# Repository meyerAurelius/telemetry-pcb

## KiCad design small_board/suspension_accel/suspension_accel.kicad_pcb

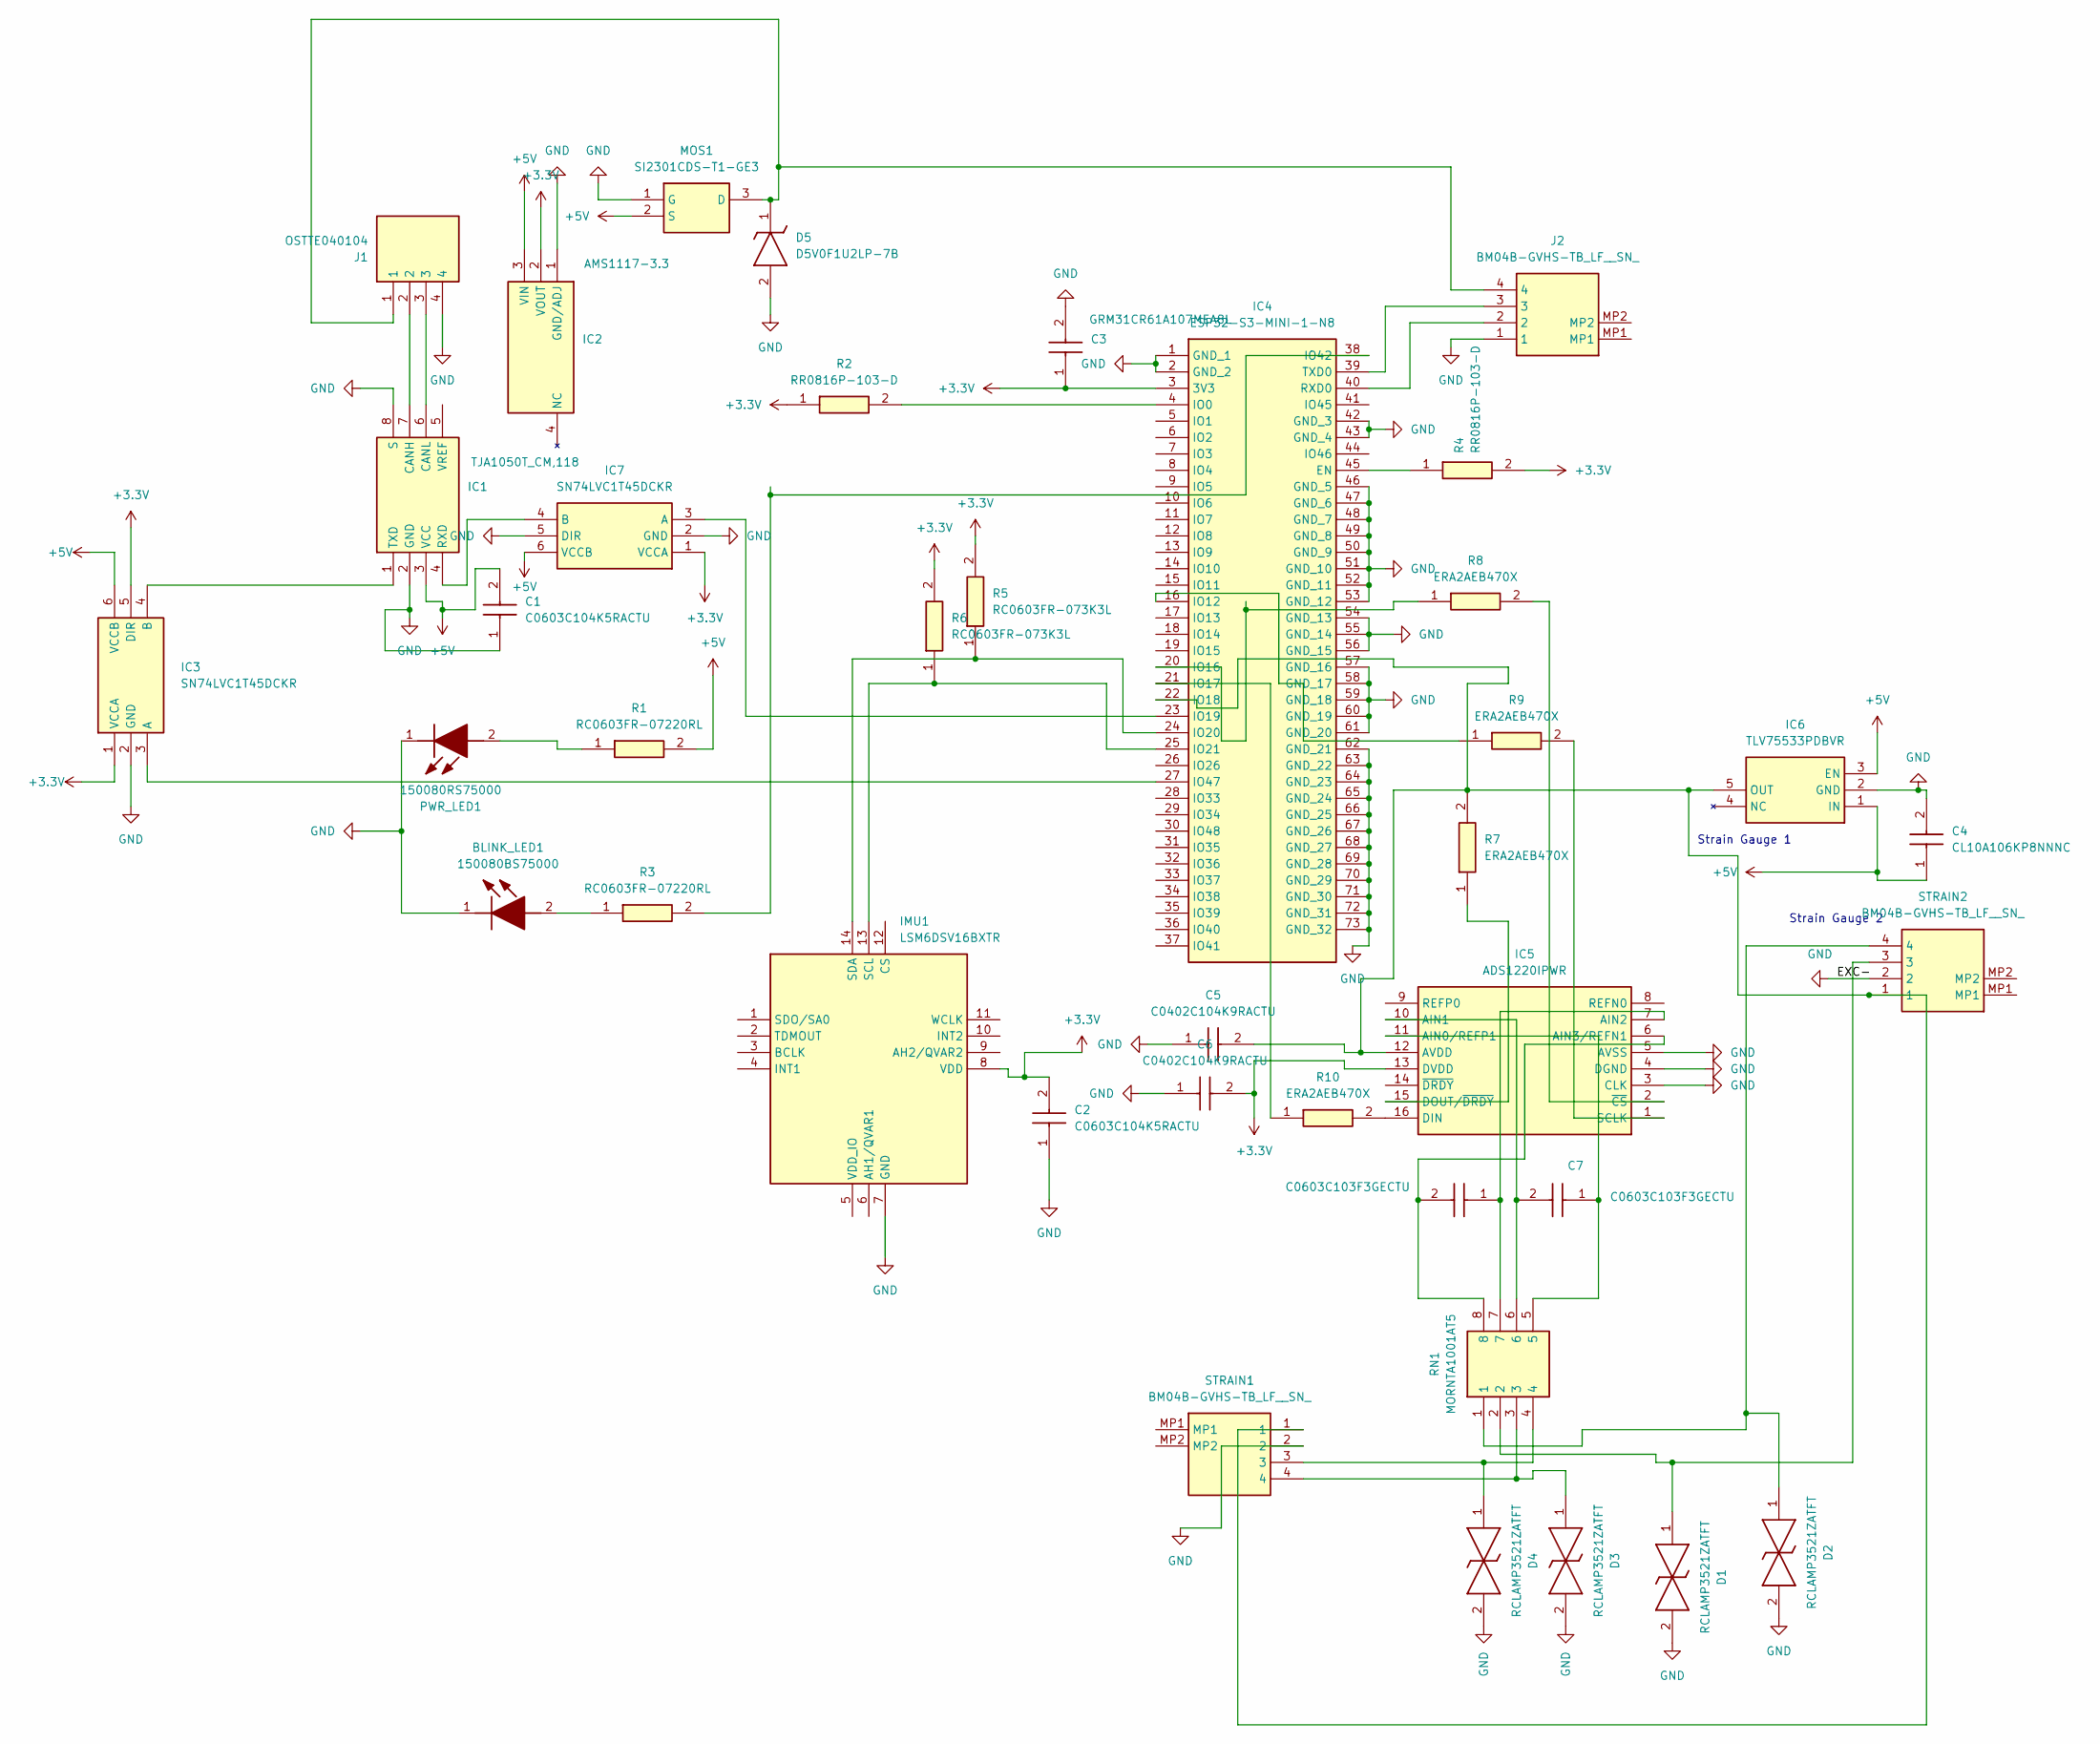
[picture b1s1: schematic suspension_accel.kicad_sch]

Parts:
BLINK_LED1: 150080BS75000; LEDC2012X70N; Manufacturer_Part_Number 150080BS75000; Mouser Part Number 710-150080BS75000
C1, C2: C0603C104K5RACTU; C0603; Manufacturer_Part_Number C0603C104K5RACTU; Mouser Part Number 80-C0603C104K5R
C3: GRM31CR61A107MEA8L; GRM31x; Manufacturer_Part_Number GRM31CR61A107MEA8L; Mouser Part Number 81-GRM31CR61A107MA8L
C4: CL10A106KP8NNNC; CAPC1608X90N; Manufacturer_Part_Number CL10A106KP8NNNC; Mouser Part Number 187-CL10A106KP8NNNC
C5, C6: C0402C104K9RACTU; C0402C104J4RACTU; Manufacturer_Part_Number C0402C104K9RACTU; Mouser Part Number 80-C0402C104K9R
C7, C8: C0603C103F3GECTU; CAPC1608X87N; Manufacturer_Part_Number C0603C103F3GECTU; Mouser Part Number 80-C0603C103F3GEC
D1, D2, D3, D4: RCLAMP3521ZATFT; Manufacturer_Part_Number RCLAMP3521ZATFT; Mouser Part Number 947-RCLAMP3521ZATFT
D5: D5V0F1U2LP-7B; D5V0F1U2LP7B; Manufacturer_Part_Number D5V0F1U2LP-7B; Mouser Part Number 621-D5V0F1U2LP7B
IC1: TJA1050T_CM,118; SOIC127P600X175-8N; Manufacturer_Part_Number TJA1050T/CM,118; Mouser Part Number 771-TJA1050T/CM118
IC2: AMS1117-3.3; SOT229P700X180-4N; Manufacturer_Part_Number AMS1117-3.3
IC3, IC7: SN74LVC1T45DCKR; SOT65P210X110-6N; Manufacturer_Part_Number SN74LVC1T45DCKR; Mouser Part Number 595-SN74LVC1T45DCKR
IC4: ESP32-S3-MINI-1-N8; ESP32S3MINI1N8; Manufacturer_Part_Number ESP32-S3-MINI-1-N8; Mouser Part Number 356-ESP32-S3-MINI1N8
IC5: ADS1220IPWR; SOP65P640X120-16N; Manufacturer_Part_Number ADS1220IPWR; Mouser Part Number 595-ADS1220IPWR
IC6: TLV75533PDBVR; SOT95P280X145-5N; Manufacturer_Part_Number TLV75533PDBVR; Mouser Part Number 595-TLV75533PDBVR
IMU1: LSM6DSV16BXTR; Manufacturer_Part_Number LSM6DSV16BXTR; Mouser Part Number 511-LSM6DSV16BXTR
J1: OSTTE040104; Manufacturer_Part_Number OSTTE040104
J2: BM04B-GVHS-TB_LF__SN_; BM04BGVHSTBLFSN; Manufacturer_Part_Number BM04B-GVHS-TB(LF)(SN)
MOS1: SI2301CDS-T1-GE3; SOT95P237X112-3N; Manufacturer_Part_Number SI2301CDS-T1-GE3; Mouser Part Number 781-SI2301CDS-T1-GE3
PWR_LED1: 150080RS75000; LEDC2012X70N; Manufacturer_Part_Number 150080RS75000; Mouser Part Number 710-150080RS75000
R1, R3: RC0603FR-07220RL; RESC1608X55N; Manufacturer_Part_Number RC0603FR-07220RL; Mouser Part Number 603-RC0603FR-07220RL
R2, R4: RR0816P-103-D; RESC1608X60N; Manufacturer_Part_Number RR0816P-103-D; Mouser Part Number 754-RR0816P-103D
R5, R6: RC0603FR-073K3L; RESC1608X55N; Manufacturer_Part_Number RC0603FR-073K3L; Mouser Part Number 603-RC0603FR-073K3L
R7, R8, R9, R10: ERA2AEB470X; ERA2AED122X; Manufacturer_Part_Number ERA2AEB470X
RN1: MORNTA1001AT5; Manufacturer_Part_Number MORNTA1001AT5; Mouser Part Number 71-MORNTA1001AT5
STRAIN1, STRAIN2: BM04B-GVHS-TB_LF__SN_; BM04BGVHSTBLFSN; Manufacturer_Part_Number BM04B-GVHS-TB(LF)(SN)

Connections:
+3.3V: C2.2, C3.1, C6.2, IC2.2 (VOUT), IC3.1 (VCCA), IC3.5 (DIR), IC4.3 (3V3), IC5.13 (DVDD), IC7.1 (VCCA), IMU1.8 (VDD), R2.1 (R1), R4.2 (R2), R5.2, R6.2
+5V: C1.2, C4.1, IC1.3 (VCC), IC2.3 (VIN), IC3.6 (VCCB), IC6.1 (IN), IC6.3 (EN), IC7.6 (VCCB), MOS1.2 (S), R1.2
GND: BLINK_LED1.1 (K), C1.1, C2.1, C3.2, C4.2, C5.1, C6.1, D1.2, D2.2, D3.2, D4.2, D5.2 (A), IC1.2 (GND), IC1.8 (S), IC2.1 (GND/ADJ), IC3.2 (GND), IC4.1 (GND_1), IC4.2 (GND_2), IC4.42 (GND_3), IC4.43 (GND_4), IC4.46 (GND_5), IC4.47 (GND_6), IC4.48 (GND_7), IC4.49 (GND_8), IC4.50 (GND_9), IC4.51 (GND_10), IC4.52 (GND_11), IC4.53 (GND_12), IC4.54 (GND_13), IC4.55 (GND_14), IC4.56 (GND_15), IC4.57 (GND_16), IC4.58 (GND_17), IC4.59 (GND_18), IC4.60 (GND_19), IC4.61 (GND_20), IC4.62 (GND_21), IC4.63 (GND_22), IC4.64 (GND_23), IC4.65 (GND_24), IC4.66 (GND_25), IC4.67 (GND_26), IC4.68 (GND_27), IC4.69 (GND_28), IC4.70 (GND_29), IC4.71 (GND_30), IC4.72 (GND_31), IC4.73 (GND_32), IC5.3 (CLK), IC5.4 (DGND), IC5.5 (AVSS), IC6.2 (GND), IC7.2 (GND), IC7.5 (DIR), IMU1.7 (GND), J1.4, J2.1, MOS1.1 (G), PWR_LED1.1 (K), STRAIN1.2, STRAIN2.2
unnamed: BLINK_LED1.2 (A), R3.1
unnamed: D1.1, RN1.2, STRAIN2.3
unnamed: D2.1, RN1.1, STRAIN2.4
unnamed: D3.1, RN1.3, STRAIN1.4
unnamed: D4.1, RN1.4, STRAIN1.3
unnamed: D5.1 (K), J1.1, J2.4, MOS1.3 (D)
unnamed: IC1.7 (CANH), J1.2
unnamed: IC1.6 (CANL), J1.3
unnamed: IC1.4 (RXD), IC7.4 (B)
unnamed: IC1.1 (TXD), IC3.4 (B)
unnamed: IC3.3 (A), IC4.27 (IO47)
unnamed: IC4.45 (EN), R4.1 (R1)
unnamed: IC4.4 (IO0), R2.2 (R2)
unnamed: IC4.16 (IO12), R9.1
unnamed: IC4.20 (IO16), R8.1
unnamed: IC4.21 (IO17), R10.1
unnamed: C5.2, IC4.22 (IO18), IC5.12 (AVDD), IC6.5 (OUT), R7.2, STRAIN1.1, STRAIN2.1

┄┄┄┄┄┄┄┄┄┄

Exercise objective:
Please write out all the data again word for word, but not the pictures.

Response to this task:
# Repository meyerAurelius/telemetry-pcb

## KiCad design small_board/suspension_accel/suspension_accel.kicad_pcb

[picture b1s1: schematic suspension_accel.kicad_sch]

Parts:
BLINK_LED1: 150080BS75000; LEDC2012X70N; Manufacturer_Part_Number 150080BS75000; Mouser Part Number 710-150080BS75000
C1, C2: C0603C104K5RACTU; C0603; Manufacturer_Part_Number C0603C104K5RACTU; Mouser Part Number 80-C0603C104K5R
C3: GRM31CR61A107MEA8L; GRM31x; Manufacturer_Part_Number GRM31CR61A107MEA8L; Mouser Part Number 81-GRM31CR61A107MA8L
C4: CL10A106KP8NNNC; CAPC1608X90N; Manufacturer_Part_Number CL10A106KP8NNNC; Mouser Part Number 187-CL10A106KP8NNNC
C5, C6: C0402C104K9RACTU; C0402C104J4RACTU; Manufacturer_Part_Number C0402C104K9RACTU; Mouser Part Number 80-C0402C104K9R
C7, C8: C0603C103F3GECTU; CAPC1608X87N; Manufacturer_Part_Number C0603C103F3GECTU; Mouser Part Number 80-C0603C103F3GEC
D1, D2, D3, D4: RCLAMP3521ZATFT; Manufacturer_Part_Number RCLAMP3521ZATFT; Mouser Part Number 947-RCLAMP3521ZATFT
D5: D5V0F1U2LP-7B; D5V0F1U2LP7B; Manufacturer_Part_Number D5V0F1U2LP-7B; Mouser Part Number 621-D5V0F1U2LP7B
IC1: TJA1050T_CM,118; SOIC127P600X175-8N; Manufacturer_Part_Number TJA1050T/CM,118; Mouser Part Number 771-TJA1050T/CM118
IC2: AMS1117-3.3; SOT229P700X180-4N; Manufacturer_Part_Number AMS1117-3.3
IC3, IC7: SN74LVC1T45DCKR; SOT65P210X110-6N; Manufacturer_Part_Number SN74LVC1T45DCKR; Mouser Part Number 595-SN74LVC1T45DCKR
IC4: ESP32-S3-MINI-1-N8; ESP32S3MINI1N8; Manufacturer_Part_Number ESP32-S3-MINI-1-N8; Mouser Part Number 356-ESP32-S3-MINI1N8
IC5: ADS1220IPWR; SOP65P640X120-16N; Manufacturer_Part_Number ADS1220IPWR; Mouser Part Number 595-ADS1220IPWR
IC6: TLV75533PDBVR; SOT95P280X145-5N; Manufacturer_Part_Number TLV75533PDBVR; Mouser Part Number 595-TLV75533PDBVR
IMU1: LSM6DSV16BXTR; Manufacturer_Part_Number LSM6DSV16BXTR; Mouser Part Number 511-LSM6DSV16BXTR
J1: OSTTE040104; Manufacturer_Part_Number OSTTE040104
J2: BM04B-GVHS-TB_LF__SN_; BM04BGVHSTBLFSN; Manufacturer_Part_Number BM04B-GVHS-TB(LF)(SN)
MOS1: SI2301CDS-T1-GE3; SOT95P237X112-3N; Manufacturer_Part_Number SI2301CDS-T1-GE3; Mouser Part Number 781-SI2301CDS-T1-GE3
PWR_LED1: 150080RS75000; LEDC2012X70N; Manufacturer_Part_Number 150080RS75000; Mouser Part Number 710-150080RS75000
R1, R3: RC0603FR-07220RL; RESC1608X55N; Manufacturer_Part_Number RC0603FR-07220RL; Mouser Part Number 603-RC0603FR-07220RL
R2, R4: RR0816P-103-D; RESC1608X60N; Manufacturer_Part_Number RR0816P-103-D; Mouser Part Number 754-RR0816P-103D
R5, R6: RC0603FR-073K3L; RESC1608X55N; Manufacturer_Part_Number RC0603FR-073K3L; Mouser Part Number 603-RC0603FR-073K3L
R7, R8, R9, R10: ERA2AEB470X; ERA2AED122X; Manufacturer_Part_Number ERA2AEB470X
RN1: MORNTA1001AT5; Manufacturer_Part_Number MORNTA1001AT5; Mouser Part Number 71-MORNTA1001AT5
STRAIN1, STRAIN2: BM04B-GVHS-TB_LF__SN_; BM04BGVHSTBLFSN; Manufacturer_Part_Number BM04B-GVHS-TB(LF)(SN)

Connections:
+3.3V: C2.2, C3.1, C6.2, IC2.2 (VOUT), IC3.1 (VCCA), IC3.5 (DIR), IC4.3 (3V3), IC5.13 (DVDD), IC7.1 (VCCA), IMU1.8 (VDD), R2.1 (R1), R4.2 (R2), R5.2, R6.2
+5V: C1.2, C4.1, IC1.3 (VCC), IC2.3 (VIN), IC3.6 (VCCB), IC6.1 (IN), IC6.3 (EN), IC7.6 (VCCB), MOS1.2 (S), R1.2
GND: BLINK_LED1.1 (K), C1.1, C2.1, C3.2, C4.2, C5.1, C6.1, D1.2, D2.2, D3.2, D4.2, D5.2 (A), IC1.2 (GND), IC1.8 (S), IC2.1 (GND/ADJ), IC3.2 (GND), IC4.1 (GND_1), IC4.2 (GND_2), IC4.42 (GND_3), IC4.43 (GND_4), IC4.46 (GND_5), IC4.47 (GND_6), IC4.48 (GND_7), IC4.49 (GND_8), IC4.50 (GND_9), IC4.51 (GND_10), IC4.52 (GND_11), IC4.53 (GND_12), IC4.54 (GND_13), IC4.55 (GND_14), IC4.56 (GND_15), IC4.57 (GND_16), IC4.58 (GND_17), IC4.59 (GND_18), IC4.60 (GND_19), IC4.61 (GND_20), IC4.62 (GND_21), IC4.63 (GND_22), IC4.64 (GND_23), IC4.65 (GND_24), IC4.66 (GND_25), IC4.67 (GND_26), IC4.68 (GND_27), IC4.69 (GND_28), IC4.70 (GND_29), IC4.71 (GND_30), IC4.72 (GND_31), IC4.73 (GND_32), IC5.3 (CLK), IC5.4 (DGND), IC5.5 (AVSS), IC6.2 (GND), IC7.2 (GND), IC7.5 (DIR), IMU1.7 (GND), J1.4, J2.1, MOS1.1 (G), PWR_LED1.1 (K), STRAIN1.2, STRAIN2.2
unnamed: BLINK_LED1.2 (A), R3.1
unnamed: D1.1, RN1.2, STRAIN2.3
unnamed: D2.1, RN1.1, STRAIN2.4
unnamed: D3.1, RN1.3, STRAIN1.4
unnamed: D4.1, RN1.4, STRAIN1.3
unnamed: D5.1 (K), J1.1, J2.4, MOS1.3 (D)
unnamed: IC1.7 (CANH), J1.2
unnamed: IC1.6 (CANL), J1.3
unnamed: IC1.4 (RXD), IC7.4 (B)
unnamed: IC1.1 (TXD), IC3.4 (B)
unnamed: IC3.3 (A), IC4.27 (IO47)
unnamed: IC4.45 (EN), R4.1 (R1)
unnamed: IC4.4 (IO0), R2.2 (R2)
unnamed: IC4.16 (IO12), R9.1
unnamed: IC4.20 (IO16), R8.1
unnamed: IC4.21 (IO17), R10.1
unnamed: C5.2, IC4.22 (IO18), IC5.12 (AVDD), IC6.5 (OUT), R7.2, STRAIN1.1, STRAIN2.1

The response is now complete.